- WHAT THIS TASK INVOLVES: Every line below between the one holding "normal blind 25.4" and the one holding "constraints: 10 end point, 1 perpendicular", inclusive, should be copied exactly, and no other line.

- Dataset records:
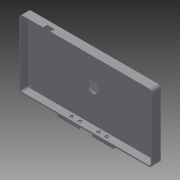
# Autodesk Inventor part: Master Tablet Enclosure
Saved by Autodesk Inventor 2014 SP2 (Build 180246200, 246)
## iProperties
Created: 2015-08-04
Part Number: Master Tablet Enclosure
Material: Generic
Document SubType Name: Modeling
Designer: Devon
Density: 1 g/cm^3
Appearance: Default
Author: Devon
Autodesk Inventor part; units mm, degrees
ref_plane "YZ Plane" through (0, 0, 0) normal (1, 0, 0) x (0, 1, 0)
ref_plane "XZ Plane" through (0, 0, 0) normal (0, 1, 0) x (-1, 0, 0)
sketch "Sketch1" plane through (0, 0, 0) normal (0, 0, 1) x (1, 0, 0)
  line L0 (-10.454202, 14.601943) -> (210.208298, 14.601943)
  line L1 (216.558298, 8.251943) -> (216.558298, -98.110557)
  line L2 (210.208298, -104.460557) -> (-10.454202, -104.460557)
  line L3 (-16.804202, -98.110557) -> (-16.804202, 8.251943)
  line L4 (99.877048, 12.220693) -> (-10.454202, 12.220693)
  line L5 (-14.422952, 8.251943) -> (-14.422952, -44.929307)
  line L6 (99.877048, 12.220693) -> (210.208298, 12.220693)
  line L7 (214.177048, 8.251943) -> (214.177048, -44.929307)
  line L8 (99.877048, -102.079307) -> (210.208298, -102.079307)
  line L9 (214.177048, -98.110557) -> (214.177048, -44.929307)
  line L10 (99.877048, -102.079307) -> (-10.454202, -102.079307)
  line L11 (-14.422952, -98.110557) -> (-14.422952, -44.929307)
  arc A0 (-10.454202, 14.601943) -> (-16.804202, 8.251943) centre (-10.454202, 8.251943) ccw
  arc A1 (216.558298, 8.251943) -> (210.208298, 14.601943) centre (210.208298, 8.251943) ccw
  arc A2 (210.208298, -104.460557) -> (216.558298, -98.110557) centre (210.208298, -98.110557) ccw
  arc A3 (-16.804202, -98.110557) -> (-10.454202, -104.460557) centre (-10.454202, -98.110557) ccw
  arc A4 (-10.454202, 12.220693) -> (-14.422952, 8.251943) centre (-10.454202, 8.251943) ccw
  arc A5 (214.177048, 8.251943) -> (210.208298, 12.220693) centre (210.208298, 8.251943) ccw
  arc A6 (210.208298, -102.079307) -> (214.177048, -98.110557) centre (210.208298, -98.110557) ccw
  arc A7 (-14.422952, -98.110557) -> (-10.454202, -102.079307) centre (-10.454202, -98.110557) ccw
  point P0 (0, 0)
  point P1 (-16.804202, 14.601943)
  point P2 (216.558298, -104.460557)
  point P3 (216.558298, 14.601943)
  point P4 (-16.804202, -104.460557)
  dimension "d0" = 233.3625
  dimension "d1" = 119.0625
  dimension "d9" = 6.35
  dimension "d10" = 3.96875
  constraints: 24 end point, 16 point on circle, 16 tangent, 8 centre point, 8 point on line, 6 equal radius, 4 horizontal, 4 perpendicular, 2 parallel
  measures "d0" distance of point (216.558, -104.461) point (-16.804, -104.461)
  measures "d1" distance of point (216.558, 14.602) point (216.558, -104.461)
  measures "d9" radius of A0
  measures "d10" radius of A4
extrude "Extrusion1" add sketch "Sketch1" along normal blind 2.38125 contours L0 A1 L1 A2 L2 A3 L3 A0 | L6 A5 L7 L9 A6 L8 L10 A7 L11 L5 A4 L4
sketch "Sketch2" plane through (0, 0, 2.38125) normal (0, 0, 1) x (1, 0, 0)
  line L0 (210.208298, 14.601943) -> (-10.454202, 14.601943)
  arc A0 (-10.454202, 14.601943) -> (-16.804202, 8.251943) centre (-10.454202, 8.251943) ccw
  line L1 (-16.804202, 8.251943) -> (-16.804202, -98.110557)
  arc A1 (-16.804202, -98.110557) -> (-10.454202, -104.460557) centre (-10.454202, -98.110557) ccw
  line L2 (-10.454202, -104.460557) -> (210.208298, -104.460557)
  arc A2 (210.208298, -104.460557) -> (216.558298, -98.110557) centre (210.208298, -98.110557) ccw
  line L3 (216.558298, -98.110557) -> (216.558298, 8.251943)
  arc A3 (216.558298, 8.251943) -> (210.208298, 14.601943) centre (210.208298, 8.251943) ccw
  line L4 (99.877048, 12.220693) -> (-10.454202, 12.220693)
  line L5 (-14.422952, 8.251943) -> (-14.422952, -44.929307)
  line L6 (99.877048, -102.079307) -> (-10.454202, -102.079307)
  line L7 (-14.422952, -98.110557) -> (-14.422952, -44.929307)
  line L8 (99.877048, -102.079307) -> (210.208298, -102.079307)
  line L9 (214.177048, -98.110557) -> (214.177048, -44.929307)
  line L10 (99.877048, 12.220693) -> (210.208298, 12.220693)
  line L11 (214.177048, 8.251943) -> (214.177048, -44.929307)
  arc A4 (-10.454202, 12.220693) -> (-14.422952, 8.251943) centre (-10.454202, 8.251943) ccw
  arc A5 (214.177048, 8.251943) -> (210.208298, 12.220693) centre (210.208298, 8.251943) ccw
  arc A6 (210.208298, -102.079307) -> (214.177048, -98.110557) centre (210.208298, -98.110557) ccw
  arc A7 (-14.422952, -98.110557) -> (-10.454202, -102.079307) centre (-10.454202, -98.110557) ccw
  point P0 (0, 0)
  dimension "d15" = 3.96875
  constraints: 16 end point, 8 point on circle, 8 tangent, 4 centre point, 3 equal radius, 2 horizontal, 2 perpendicular
  measures "d15" radius of A4
extrude "Extrusion2" add sketch "Sketch2" along normal blind 2.38125
sketch "Sketch3" plane through (0, 0, 4.7625) normal (0, 0, 1) x (1, 0, 0)
  arc A0 (-10.454202, 12.220693) -> (-14.422952, 8.251943) centre (-10.454202, 8.251943) ccw
  arc A1 (214.177048, 8.251943) -> (210.208298, 12.220693) centre (210.208298, 8.251943) ccw
  line L0 (214.177048, 8.251943) -> (214.177048, -98.110557)
  arc A2 (210.208298, -102.079307) -> (214.177048, -98.110557) centre (210.208298, -98.110557) ccw
  line L1 (210.208298, -102.079307) -> (-10.454202, -102.079307)
  arc A3 (-14.422952, -98.110557) -> (-10.454202, -102.079307) centre (-10.454202, -98.110557) ccw
  line L2 (-14.422952, -98.110557) -> (-14.422952, 8.251943)
  arc A4 (-10.454202, 14.601943) -> (-16.804202, 8.251943) centre (-10.454202, 8.251943) ccw
  line L3 (-16.804202, 8.251943) -> (-16.804202, -98.110557)
  arc A5 (-16.804202, -98.110557) -> (-10.454202, -104.460557) centre (-10.454202, -98.110557) ccw
  line L4 (-10.454202, -104.460557) -> (210.208298, -104.460557)
  arc A6 (210.208298, -104.460557) -> (216.558298, -98.110557) centre (210.208298, -98.110557) ccw
  line L5 (216.558298, -98.110557) -> (216.558298, 8.251943)
  arc A7 (216.558298, 8.251943) -> (210.208298, 14.601943) centre (210.208298, 8.251943) ccw
  line L6 (214.177048, -44.929307) -> (214.177048, -41.754307)
  line L7 (214.177048, -41.754307) -> (216.558298, -41.754307)
  line L8 (216.558298, -41.754307) -> (216.558298, -44.929307)
  line L9 (216.558298, -44.929307) -> (216.558298, -48.104307)
  line L10 (216.558298, -48.104307) -> (214.177048, -48.104307)
  line L11 (214.177048, -48.104307) -> (214.177048, -44.929307)
  line L12 (-14.422952, -44.929307) -> (-14.422952, -41.754307)
  line L13 (-14.422952, -41.754307) -> (-16.804202, -41.754307)
  line L14 (-16.804202, -41.754307) -> (-16.804202, -44.929307)
  line L15 (-16.804202, -44.929307) -> (-16.804202, -48.104307)
  line L16 (-16.804202, -48.104307) -> (-14.422952, -48.104307)
  line L17 (-14.422952, -48.104307) -> (-14.422952, -44.929307)
  line L18 (25.105798, 14.601943) -> (25.105798, 12.220693)
  line L19 (37.805798, 14.601943) -> (37.805798, 12.220693)
  line L20 (-10.454202, 14.601943) -> (25.105798, 14.601943)
  line L21 (25.105798, 12.220693) -> (-10.454202, 12.220693)
  line L22 (37.805798, 12.220693) -> (210.208298, 12.220693)
  line L23 (210.208298, 14.601943) -> (37.805798, 14.601943)
  point P0 (0, 0)
  dimension "d18" = 3.175
  dimension "d19" = 3.175
  dimension "d20" = 3.175
  dimension "d21" = 3.175
  dimension "d78" = 35.56
  dimension "d79" = 12.7
  constraints: 36 end point, 8 point on line, 6 perpendicular, 4 collinear, 4 midpoint, 3 tangent, 1 parallel, 1 point on circle
  measures "d18" distance of L6.start L6.end
  measures "d19" distance of L7.end L8.end
  measures "d20" distance of L8.end L9.end
  measures "d21" distance of L12.start L12.end
  measures "d78" distance of L20.start L18.start
  measures "d79" distance of L18.start L19.start
extrude "Extrusion3" add sketch "Sketch3" along normal blind 10.31875 contours A0 L2 L13 L3 A4 L20 L18 L21 | L2 A3 L1 A2 L0 L10 L5 A6 L4 A5 L3 L16
sketch "Sketch4" plane through (0, 0, 15.08125) normal (0, 0, 1) x (1, 0, 0)
  line L0 (214.177048, -41.754307) -> (216.558298, -41.754307)
  line L1 (216.558298, -41.754307) -> (216.558298, -48.104307)
  line L2 (216.558298, -48.104307) -> (214.177048, -48.104307)
  line L3 (214.177048, -48.104307) -> (214.177048, -41.754307)
  line L4 (-16.804202, -41.754307) -> (-14.422952, -41.754307)
  line L5 (-14.422952, -41.754307) -> (-14.422952, -48.104307)
  line L6 (-14.422952, -48.104307) -> (-16.804202, -48.104307)
  line L7 (-16.804202, -48.104307) -> (-16.804202, -41.754307)
  point P0 (0, 0)
  dimension "d24" = 2.38125
  dimension "d25" = 6.35
  dimension "d26" = 2.38125
  dimension "d27" = 6.35
  constraints: 16 end point, 4 parallel, 2 horizontal, 2 perpendicular
  measures "d24" distance of L1.end L2.end
  measures "d25" distance of L0.end L1.end
  measures "d26" distance of L5.end L6.end
  measures "d27" distance of L4.end L5.end
extrude "Extrusion4" add sketch "Sketch4" against normal blind 7.9375
sketch "Sketch5" plane through (0, 0, 0) normal (0, 0, -1) x (-1, 0, 0)
  arc A0 (-210.208298, 14.601943) -> (-216.558298, 8.251943) centre (-210.208298, 8.251943) ccw
  line L0 (-210.208298, 8.251943) -> (-99.877048, 8.251943)
  line L1 (-99.877048, 8.251943) -> (-99.877048, -44.929307)
  line L2 (-99.877048, -44.929307) -> (-210.208298, -44.929307)
  line L3 (-210.208298, -44.929307) -> (-210.208298, 8.251943)
  point P0 (0, 0)
  constraints: 8 end point, 2 parallel, 1 horizontal, 1 perpendicular
hole "Hole1" at (99.877048, -44.929307, 0) direction (0, 0, 1) diameter 19.05 end through all
sketch "Sketch7" plane through (-10.454202, -104.460557, 0) normal (0, -1, 0) x (1, 0, 0)
  line L0 (220.6625, 0) -> (0, 0)
  line L1 (0, 15.08125) -> (220.6625, 15.08125)
  line L2 (61.11875, 15.08125) -> (61.11875, 0)
  line L3 (159.54375, 15.08125) -> (159.54375, 0)
  line L4 (61.11875, 15.08125) -> (159.54375, 15.08125)
  line L5 (159.54375, 0) -> (61.11875, 0)
  point P0 (10.454202, 0)
  constraints: 8 end point, 4 point on line, 2 perpendicular, 1 collinear, 1 parallel
extrude "Extrusion5" add sketch "Sketch7" along normal blind 25.4
sketch "Sketch8" plane through (149.089548, -104.460557, 15.08125) normal (1, 0, 0) x (0, 0, -1)
  line L0 (15.08125, 0) -> (-19.502452, -9.266675)
  line L1 (15.08125, 0) -> (50.884933, 0) construction
  point P0 (15.08125, 104.460557)
  dimension "d41" = 165
  constraints: 4 end point, 1 equal length, 1 horizontal
  measures "d41" angle of L0 L1
split body "Split1" sketch "Sketch8" result one side removed curves L0 removed pieces at (116.281215, -121.39389, 0.5)
ref_plane "Work Plane1" through (50.664548, -102.160446, 0.616313) normal (0, -0.9659258, -0.258819) x (1, 0, 0)
sketch "Sketch10" plane through (0, 0, 15.08125) normal (0, 0, 1) x (1, 0, 0)
  line L0 (99.877048, -104.460557) -> (111.307048, -104.460557)
  line L1 (111.307048, -104.460557) -> (111.307048, -108.501565)
  line L2 (99.877048, -104.460557) -> (88.447048, -104.460557)
  line L3 (88.447048, -104.460557) -> (88.447048, -108.501565)
  line L4 (88.447048, -108.501565) -> (111.307048, -108.501565)
  point P0 (0, 0)
  dimension "d43" = 11.43
  dimension "d44" = 11.43
  constraints: 10 end point, 1 perpendicular
  measures "d43" distance of L0.start L0.end
  measures "d44" distance of L0.start L2.end
split body "Split2" sketch "Sketch10" result one side removed curves L4 L1 L0 L2 L3 removed pieces at (99.877048, -106.671599, 10.183576)
sketch "Sketch13" plane through (50.664548, -102.160446, 0.616313) normal (0, -0.9659258, -0.258819) x (1, 0, 0)
  line L0 (37.7825, 0) -> (37.7825, 15.613259)
  line L1 (0, 15.613259) -> (37.7825, 15.613259)
  line L2 (0, 0) -> (0, 15.613259)
  line L3 (37.7825, 0) -> (0, 0)
  line L4 (60.6425, 15.613259) -> (60.6425, 0)
  line L5 (98.425, 0) -> (60.6425, 0)
  line L6 (98.425, 15.613259) -> (98.425, 0)
  line L7 (60.6425, 15.613259) -> (98.425, 15.613259)
  line L8 (0, 15.613259) -> (98.425, 15.613259)
  line L9 (49.2125, 15.613259) -> (49.2125, 0)
  line L10 (49.2125, 7.806629) -> (32.8295, 7.806629)
  line L11 (49.2125, 7.806629) -> (65.5955, 7.806629)
  line L12 (65.5955, 7.806629) -> (80.0735, 7.806629)
  line L13 (32.8295, 7.806629) -> (18.3515, 7.806629)
  point P0 (-50.664548, -27.036381)
  dimension "d45" = 16.383
  dimension "d46" = 16.383
  dimension "d47" = 14.478
  dimension "d48" = 14.478
  constraints: 12 end point, 4 collinear, 2 midpoint, 2 perpendicular
  measures "d45" distance of L10.start L10.end
  measures "d46" distance of L10.start L11.end
  measures "d47" distance of L11.end L12.end
  measures "d48" distance of L10.end L13.end
hole "Hole2" at (69.016048, -104.18095, 8.156938) at (116.260048, -104.18095, 8.156938) at (83.494048, -104.18095, 8.156938) at (130.738048, -104.18095, 8.156938) direction (0, 0.9659258, 0.258819) diameter 6.35 end through all
sketch "Sketch14" plane through (50.664548, -102.160446, 0.616313) normal (0, -0.9659258, -0.258819) x (1, 0, 0)
  line L0 (37.7825, 0) -> (37.7825, 15.613259)
  line L1 (0, 15.613259) -> (37.7825, 15.613259)
  line L2 (0, 0) -> (0, 15.613259)
  line L3 (37.7825, 0) -> (0, 0)
  line L4 (60.6425, 15.613259) -> (60.6425, 0)
  line L5 (98.425, 0) -> (60.6425, 0)
  line L6 (98.425, 15.613259) -> (98.425, 0)
  line L7 (60.6425, 15.613259) -> (98.425, 15.613259)
  line L8 (0, 15.613259) -> (98.425, 15.613259)
  line L9 (49.2125, 15.613259) -> (49.2125, 0)
  line L10 (49.2125, 7.806629) -> (65.5955, 7.806629)
  line L11 (65.5955, 7.806629) -> (80.0735, 7.806629)
  line L12 (49.2125, 7.806629) -> (32.8295, 7.806629)
  line L13 (32.8295, 7.806629) -> (18.3515, 7.806629)
  point P0 (-50.664548, -27.036381)
  dimension "d56" = 16.383
  dimension "d57" = 14.478
  dimension "d58" = 16.383
  dimension "d59" = 14.478
  constraints: 12 end point, 3 collinear, 2 midpoint, 2 perpendicular, 1 parallel
  measures "d56" distance of L10.start L10.end
  measures "d57" distance of L10.end L11.end
  measures "d58" distance of L10.start L12.end
  measures "d59" distance of L12.end L13.end
hole "Hole3" at (69.016048, -104.18095, 8.156938) at (83.494048, -104.18095, 8.156938) at (116.260048, -104.18095, 8.156938) at (130.738048, -104.18095, 8.156938) direction (0, -0.9659258, -0.258819) diameter 3.175 end through all
sketch "Sketch15" plane through (0, 0, 4.7625) normal (0, 0, 1) x (1, 0, 0)
  line L0 (216.558298, -41.754307) -> (214.177048, -41.754307)
  line L1 (214.177048, 8.251943) -> (214.177048, -48.104307)
  line L2 (216.558298, -41.754307) -> (214.177048, -41.754307)
  line L3 (214.177048, -41.754307) -> (214.177048, -48.104307)
  line L4 (214.177048, -48.104307) -> (216.558298, -48.104307)
  line L5 (216.558298, -48.104307) -> (216.558298, -41.754307)
  point P0 (0, 0)
  constraints: 8 end point, 2 parallel, 1 horizontal, 1 perpendicular
extrude "Extrusion6" add sketch "Sketch15" along normal blind 2.3876
sketch "Sketch16" plane through (0, 0, 4.7625) normal (0, 0, 1) x (1, 0, 0)
  line L0 (-14.422952, -41.754307) -> (-16.804202, -41.754307)
  line L1 (-16.804202, -41.754307) -> (-16.804202, -48.104307)
  line L2 (-14.422952, -41.754307) -> (-16.804202, -41.754307)
  line L3 (-16.804202, -41.754307) -> (-16.804202, -48.104307)
  line L4 (-16.804202, -48.104307) -> (-14.422952, -48.104307)
  line L5 (-14.422952, -48.104307) -> (-14.422952, -41.754307)
  point P0 (0, 0)
  constraints: 8 end point, 2 parallel, 1 horizontal, 1 perpendicular
extrude "Extrusion7" add sketch "Sketch16" along normal blind 2.3876
sketch "Sketch17" plane through (0, 0, 0) normal (0, 0, -1) x (-1, 0, 0)
  arc A0 (10.454202, -104.460557) -> (16.804202, -98.110557) centre (10.454202, -98.110557) ccw
  arc A1 (16.804202, 8.251943) -> (10.454202, 14.601943) centre (10.454202, 8.251943) ccw
  arc A2 (-210.208298, 14.601943) -> (-216.558298, 8.251943) centre (-210.208298, 8.251943) ccw
  arc A3 (-216.558298, -98.110557) -> (-210.208298, -104.460557) centre (-210.208298, -98.110557) ccw
  point P0 (0, 0)
hole "Hole4" at (210.208298, 8.251943, 0) at (-10.454202, 8.251943, 0) at (-10.454202, -98.110557, 0) at (210.208298, -98.110557, 0) direction (0, 0, 1) diameter 3.175 end through all
sketch "Sketch18" plane through (0, 0, 4.7625) normal (0, 0, 1) x (1, 0, 0)
  line L0 (214.177048, -41.754307) -> (216.558298, -41.754307)
  line L1 (216.558298, -41.754307) -> (216.558298, 8.251943)
  arc A0 (216.558298, 8.251943) -> (210.208298, 14.601943) centre (210.208298, 8.251943) ccw
  line L2 (210.208298, 14.601943) -> (25.105798, 14.601943)
  line L3 (25.105798, 12.220693) -> (210.208298, 12.220693)
  arc A1 (214.177048, 8.251943) -> (210.208298, 12.220693) centre (210.208298, 8.251943) ccw
  line L4 (214.177048, 8.251943) -> (214.177048, -41.754307)
  line L5 (25.105798, 14.601943) -> (37.805798, 14.601943)
  line L6 (37.805798, 14.601943) -> (37.805798, 12.220693)
  point P0 (0, 0)
  dimension "d80" = 12.7
  constraints: 4 end point, 2 point on line, 1 perpendicular
  measures "d80" distance of L2.end L5.end
extrude "Extrusion8" add sketch "Sketch18" along normal blind 10.3124
sketch "Sketch19" plane through (0, 0, 4.7625) normal (0, 0, 1) x (1, 0, 0)
  line L0 (37.805798, 12.220693) -> (37.805798, 14.601943)
  line L1 (37.805798, 14.601943) -> (25.105798, 14.601943)
  line L2 (25.105798, 14.601943) -> (25.105798, 12.220693)
  line L3 (25.105798, 12.220693) -> (37.805798, 12.220693)
  point P0 (0, 0)
extrude "Extrusion9" add sketch "Sketch19" along normal blind 2.6924
body "Solid1"

- EXERCISE ANSWER:
extrude "Extrusion5" add sketch "Sketch7" along normal blind 25.4
sketch "Sketch8" plane through (149.089548, -104.460557, 15.08125) normal (1, 0, 0) x (0, 0, -1)
  line L0 (15.08125, 0) -> (-19.502452, -9.266675)
  line L1 (15.08125, 0) -> (50.884933, 0) construction
  point P0 (15.08125, 104.460557)
  dimension "d41" = 165
  constraints: 4 end point, 1 equal length, 1 horizontal
  measures "d41" angle of L0 L1
split body "Split1" sketch "Sketch8" result one side removed curves L0 removed pieces at (116.281215, -121.39389, 0.5)
ref_plane "Work Plane1" through (50.664548, -102.160446, 0.616313) normal (0, -0.9659258, -0.258819) x (1, 0, 0)
sketch "Sketch10" plane through (0, 0, 15.08125) normal (0, 0, 1) x (1, 0, 0)
  line L0 (99.877048, -104.460557) -> (111.307048, -104.460557)
  line L1 (111.307048, -104.460557) -> (111.307048, -108.501565)
  line L2 (99.877048, -104.460557) -> (88.447048, -104.460557)
  line L3 (88.447048, -104.460557) -> (88.447048, -108.501565)
  line L4 (88.447048, -108.501565) -> (111.307048, -108.501565)
  point P0 (0, 0)
  dimension "d43" = 11.43
  dimension "d44" = 11.43
  constraints: 10 end point, 1 perpendicular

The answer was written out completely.